[Records from a data collection]
-------

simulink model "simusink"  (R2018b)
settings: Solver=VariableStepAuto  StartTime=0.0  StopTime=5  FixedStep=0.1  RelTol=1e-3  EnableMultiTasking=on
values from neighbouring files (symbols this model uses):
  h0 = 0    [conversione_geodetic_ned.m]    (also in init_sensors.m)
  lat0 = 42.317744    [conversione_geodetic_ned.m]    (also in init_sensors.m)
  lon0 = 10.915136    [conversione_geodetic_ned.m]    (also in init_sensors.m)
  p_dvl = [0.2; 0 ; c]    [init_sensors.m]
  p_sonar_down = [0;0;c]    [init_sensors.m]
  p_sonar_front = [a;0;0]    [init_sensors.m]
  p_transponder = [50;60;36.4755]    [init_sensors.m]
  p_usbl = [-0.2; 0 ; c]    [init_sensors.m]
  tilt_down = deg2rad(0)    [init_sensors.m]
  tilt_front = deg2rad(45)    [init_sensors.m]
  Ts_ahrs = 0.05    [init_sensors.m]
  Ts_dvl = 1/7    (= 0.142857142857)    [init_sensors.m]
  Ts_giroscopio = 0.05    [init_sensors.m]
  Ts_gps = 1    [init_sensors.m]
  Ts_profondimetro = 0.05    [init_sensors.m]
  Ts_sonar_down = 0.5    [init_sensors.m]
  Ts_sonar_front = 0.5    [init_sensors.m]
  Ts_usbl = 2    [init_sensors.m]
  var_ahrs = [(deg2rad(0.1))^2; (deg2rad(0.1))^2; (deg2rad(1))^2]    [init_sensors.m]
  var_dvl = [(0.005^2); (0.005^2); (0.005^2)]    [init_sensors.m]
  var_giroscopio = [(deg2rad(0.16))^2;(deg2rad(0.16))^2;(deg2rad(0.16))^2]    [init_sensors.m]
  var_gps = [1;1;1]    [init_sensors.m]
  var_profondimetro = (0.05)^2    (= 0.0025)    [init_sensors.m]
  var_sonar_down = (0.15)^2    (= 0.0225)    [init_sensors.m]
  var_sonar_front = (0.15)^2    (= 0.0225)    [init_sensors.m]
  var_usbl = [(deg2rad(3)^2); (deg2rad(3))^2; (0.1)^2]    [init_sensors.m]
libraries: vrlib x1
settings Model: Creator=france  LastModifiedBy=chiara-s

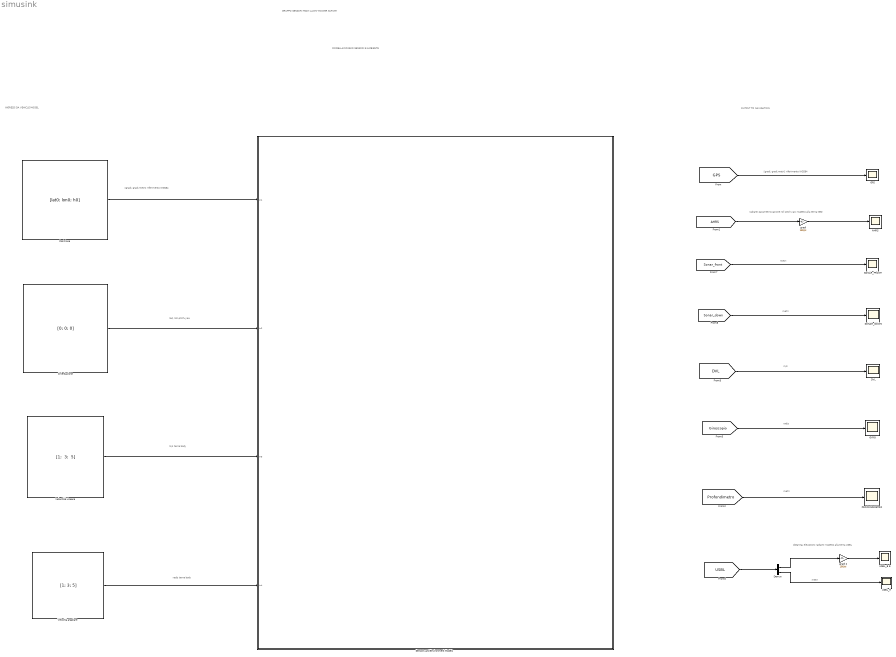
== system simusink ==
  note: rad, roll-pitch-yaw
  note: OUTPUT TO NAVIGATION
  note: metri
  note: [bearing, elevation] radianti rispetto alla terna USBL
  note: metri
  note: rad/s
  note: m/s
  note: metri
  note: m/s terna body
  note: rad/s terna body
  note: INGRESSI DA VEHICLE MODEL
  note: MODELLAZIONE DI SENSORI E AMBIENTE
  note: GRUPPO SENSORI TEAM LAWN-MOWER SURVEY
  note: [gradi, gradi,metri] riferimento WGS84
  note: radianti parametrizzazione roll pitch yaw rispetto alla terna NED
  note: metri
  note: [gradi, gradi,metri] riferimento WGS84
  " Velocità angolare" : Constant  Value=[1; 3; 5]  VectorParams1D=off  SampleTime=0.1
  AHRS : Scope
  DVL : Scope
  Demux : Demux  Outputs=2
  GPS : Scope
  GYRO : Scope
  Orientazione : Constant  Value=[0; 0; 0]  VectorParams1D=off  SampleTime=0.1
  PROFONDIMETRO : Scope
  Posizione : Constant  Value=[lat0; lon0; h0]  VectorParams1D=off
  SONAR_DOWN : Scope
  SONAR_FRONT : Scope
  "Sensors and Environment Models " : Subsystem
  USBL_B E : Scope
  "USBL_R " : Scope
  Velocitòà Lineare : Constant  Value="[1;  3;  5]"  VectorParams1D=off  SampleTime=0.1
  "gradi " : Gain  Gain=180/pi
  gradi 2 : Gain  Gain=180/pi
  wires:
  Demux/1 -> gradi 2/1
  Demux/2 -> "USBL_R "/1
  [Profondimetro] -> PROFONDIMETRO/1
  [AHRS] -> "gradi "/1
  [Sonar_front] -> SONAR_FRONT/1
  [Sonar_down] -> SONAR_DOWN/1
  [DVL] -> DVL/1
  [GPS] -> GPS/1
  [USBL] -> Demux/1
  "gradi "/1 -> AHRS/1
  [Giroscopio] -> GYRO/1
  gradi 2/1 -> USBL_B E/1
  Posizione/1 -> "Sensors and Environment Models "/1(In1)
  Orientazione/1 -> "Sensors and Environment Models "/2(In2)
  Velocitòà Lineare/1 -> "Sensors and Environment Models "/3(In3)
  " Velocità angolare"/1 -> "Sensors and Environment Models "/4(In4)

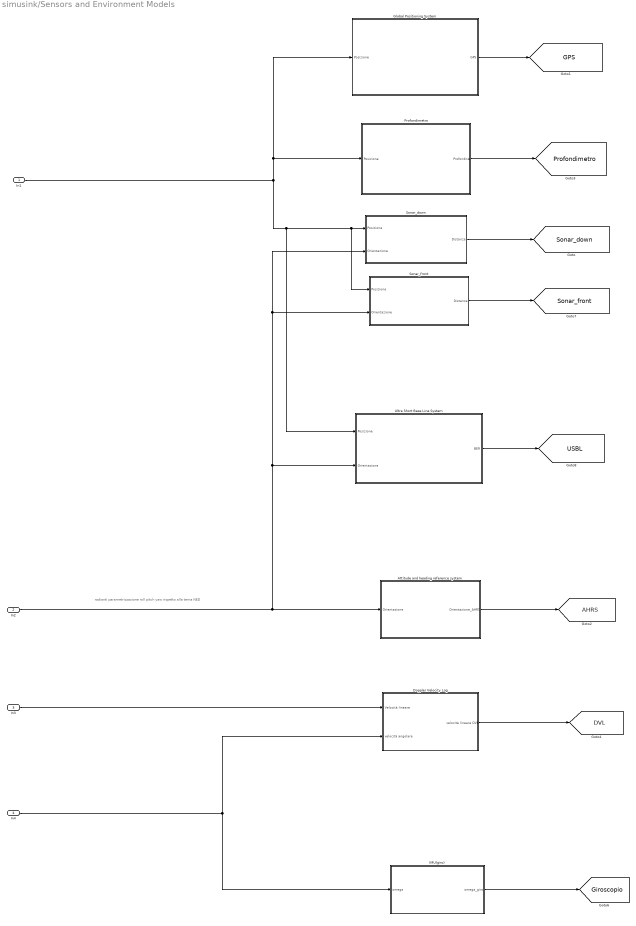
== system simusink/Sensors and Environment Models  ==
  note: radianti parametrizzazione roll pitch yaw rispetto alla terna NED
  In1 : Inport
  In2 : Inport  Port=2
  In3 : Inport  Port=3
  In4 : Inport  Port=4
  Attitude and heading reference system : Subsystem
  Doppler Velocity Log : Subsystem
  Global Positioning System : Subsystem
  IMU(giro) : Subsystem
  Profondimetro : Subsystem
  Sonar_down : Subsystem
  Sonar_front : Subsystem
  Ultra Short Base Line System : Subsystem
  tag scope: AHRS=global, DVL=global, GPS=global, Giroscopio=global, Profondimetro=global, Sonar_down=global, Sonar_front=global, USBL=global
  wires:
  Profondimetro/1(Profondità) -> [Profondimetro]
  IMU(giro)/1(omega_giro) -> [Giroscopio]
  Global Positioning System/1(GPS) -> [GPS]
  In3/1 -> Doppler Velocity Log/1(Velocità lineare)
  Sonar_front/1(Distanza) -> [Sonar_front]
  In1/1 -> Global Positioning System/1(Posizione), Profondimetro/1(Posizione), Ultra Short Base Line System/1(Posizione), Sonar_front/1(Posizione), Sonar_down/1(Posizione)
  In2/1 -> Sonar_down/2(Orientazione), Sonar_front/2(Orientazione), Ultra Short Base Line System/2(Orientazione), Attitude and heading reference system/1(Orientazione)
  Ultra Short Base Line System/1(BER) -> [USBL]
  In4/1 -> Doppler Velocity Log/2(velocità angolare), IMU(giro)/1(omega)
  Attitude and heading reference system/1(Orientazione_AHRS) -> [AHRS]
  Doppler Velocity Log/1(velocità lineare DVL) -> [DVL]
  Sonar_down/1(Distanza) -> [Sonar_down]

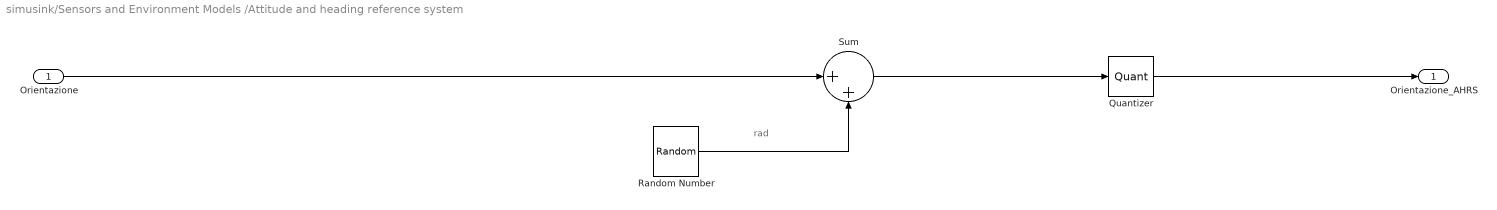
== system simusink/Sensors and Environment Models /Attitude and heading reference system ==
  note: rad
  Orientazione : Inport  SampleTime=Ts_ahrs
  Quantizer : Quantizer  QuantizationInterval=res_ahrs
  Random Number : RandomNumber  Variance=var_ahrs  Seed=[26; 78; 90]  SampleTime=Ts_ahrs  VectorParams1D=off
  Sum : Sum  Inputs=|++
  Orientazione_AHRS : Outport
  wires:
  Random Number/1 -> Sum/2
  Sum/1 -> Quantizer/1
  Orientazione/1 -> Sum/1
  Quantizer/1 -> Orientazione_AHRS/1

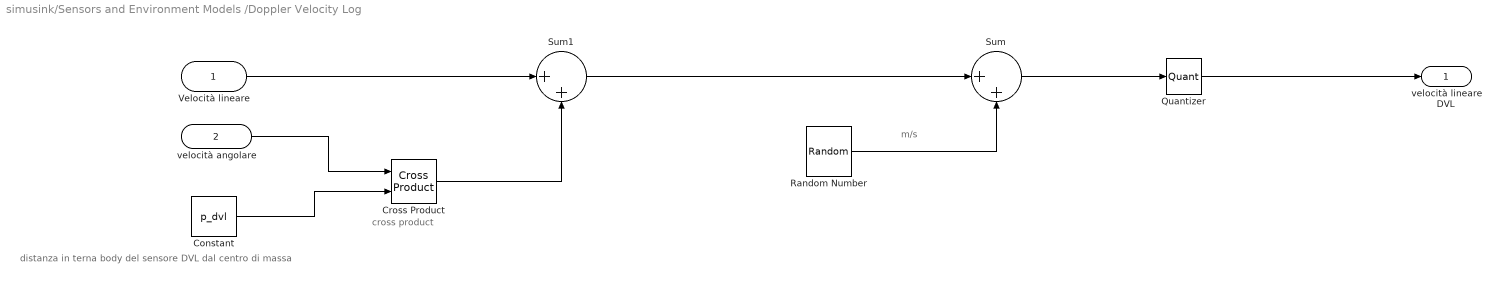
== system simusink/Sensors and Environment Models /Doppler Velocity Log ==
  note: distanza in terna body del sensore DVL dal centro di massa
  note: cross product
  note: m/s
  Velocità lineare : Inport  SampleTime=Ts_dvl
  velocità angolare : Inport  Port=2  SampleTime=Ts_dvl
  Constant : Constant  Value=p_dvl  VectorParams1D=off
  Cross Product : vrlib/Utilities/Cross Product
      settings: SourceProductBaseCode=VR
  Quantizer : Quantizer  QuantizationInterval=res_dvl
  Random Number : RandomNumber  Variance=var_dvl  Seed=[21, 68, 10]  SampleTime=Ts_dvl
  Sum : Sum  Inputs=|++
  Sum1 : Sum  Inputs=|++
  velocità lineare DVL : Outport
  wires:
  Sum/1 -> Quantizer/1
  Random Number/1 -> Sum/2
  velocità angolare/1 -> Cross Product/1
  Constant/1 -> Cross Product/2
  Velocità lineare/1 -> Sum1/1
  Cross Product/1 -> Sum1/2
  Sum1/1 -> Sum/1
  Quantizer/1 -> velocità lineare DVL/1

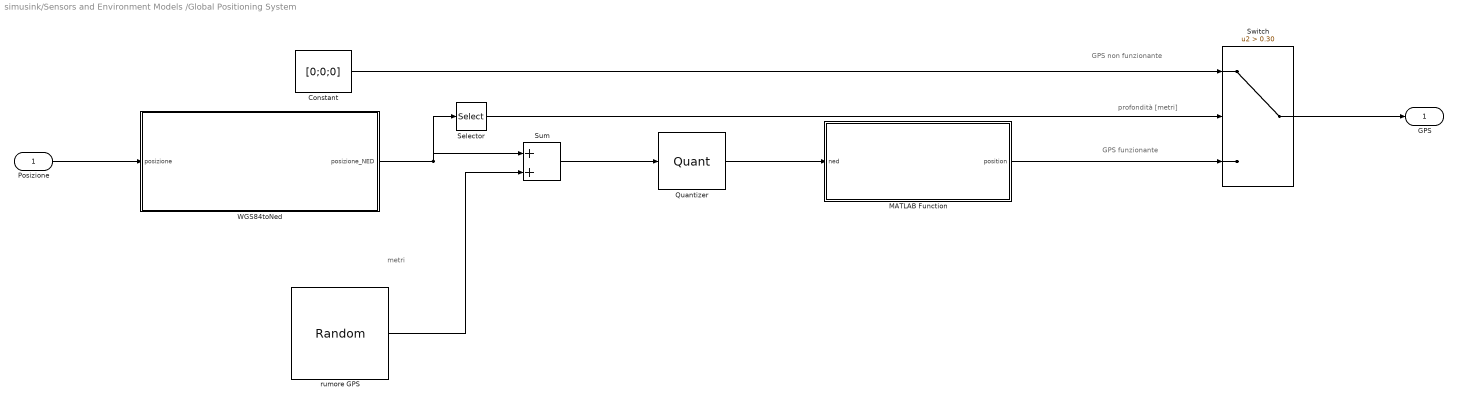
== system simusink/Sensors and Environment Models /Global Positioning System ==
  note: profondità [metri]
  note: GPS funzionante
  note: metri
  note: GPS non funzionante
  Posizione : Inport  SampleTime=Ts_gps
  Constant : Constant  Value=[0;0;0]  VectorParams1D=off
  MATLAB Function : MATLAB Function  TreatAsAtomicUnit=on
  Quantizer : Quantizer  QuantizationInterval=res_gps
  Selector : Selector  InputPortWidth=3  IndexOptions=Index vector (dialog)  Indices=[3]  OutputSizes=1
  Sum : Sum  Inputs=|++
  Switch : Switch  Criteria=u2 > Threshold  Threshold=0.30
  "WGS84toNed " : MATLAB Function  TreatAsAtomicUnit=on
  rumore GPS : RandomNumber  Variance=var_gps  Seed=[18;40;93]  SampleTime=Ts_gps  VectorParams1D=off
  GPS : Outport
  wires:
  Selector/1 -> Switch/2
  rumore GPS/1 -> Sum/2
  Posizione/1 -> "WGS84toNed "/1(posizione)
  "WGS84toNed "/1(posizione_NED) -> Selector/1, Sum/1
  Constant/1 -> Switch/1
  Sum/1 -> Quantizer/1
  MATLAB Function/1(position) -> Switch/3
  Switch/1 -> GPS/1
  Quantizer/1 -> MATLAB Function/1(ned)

-------

▶ _Brief_: Print from the line containing "USBL_B E : Scope" through the line containing "Sonar_front : Subsystem" in the data above, exactly as the lines stand, and omit every picture.

▶ _Reply to the exercise_:
  USBL_B E : Scope
  "USBL_R " : Scope
  Velocitòà Lineare : Constant  Value="[1;  3;  5]"  VectorParams1D=off  SampleTime=0.1
  "gradi " : Gain  Gain=180/pi
  gradi 2 : Gain  Gain=180/pi
  wires:
  Demux/1 -> gradi 2/1
  Demux/2 -> "USBL_R "/1
  [Profondimetro] -> PROFONDIMETRO/1
  [AHRS] -> "gradi "/1
  [Sonar_front] -> SONAR_FRONT/1
  [Sonar_down] -> SONAR_DOWN/1
  [DVL] -> DVL/1
  [GPS] -> GPS/1
  [USBL] -> Demux/1
  "gradi "/1 -> AHRS/1
  [Giroscopio] -> GYRO/1
  gradi 2/1 -> USBL_B E/1
  Posizione/1 -> "Sensors and Environment Models "/1(In1)
  Orientazione/1 -> "Sensors and Environment Models "/2(In2)
  Velocitòà Lineare/1 -> "Sensors and Environment Models "/3(In3)
  " Velocità angolare"/1 -> "Sensors and Environment Models "/4(In4)

== system simusink/Sensors and Environment Models  ==
  note: radianti parametrizzazione roll pitch yaw rispetto alla terna NED
  In1 : Inport
  In2 : Inport  Port=2
  In3 : Inport  Port=3
  In4 : Inport  Port=4
  Attitude and heading reference system : Subsystem
  Doppler Velocity Log : Subsystem
  Global Positioning System : Subsystem
  IMU(giro) : Subsystem
  Profondimetro : Subsystem
  Sonar_down : Subsystem
  Sonar_front : Subsystem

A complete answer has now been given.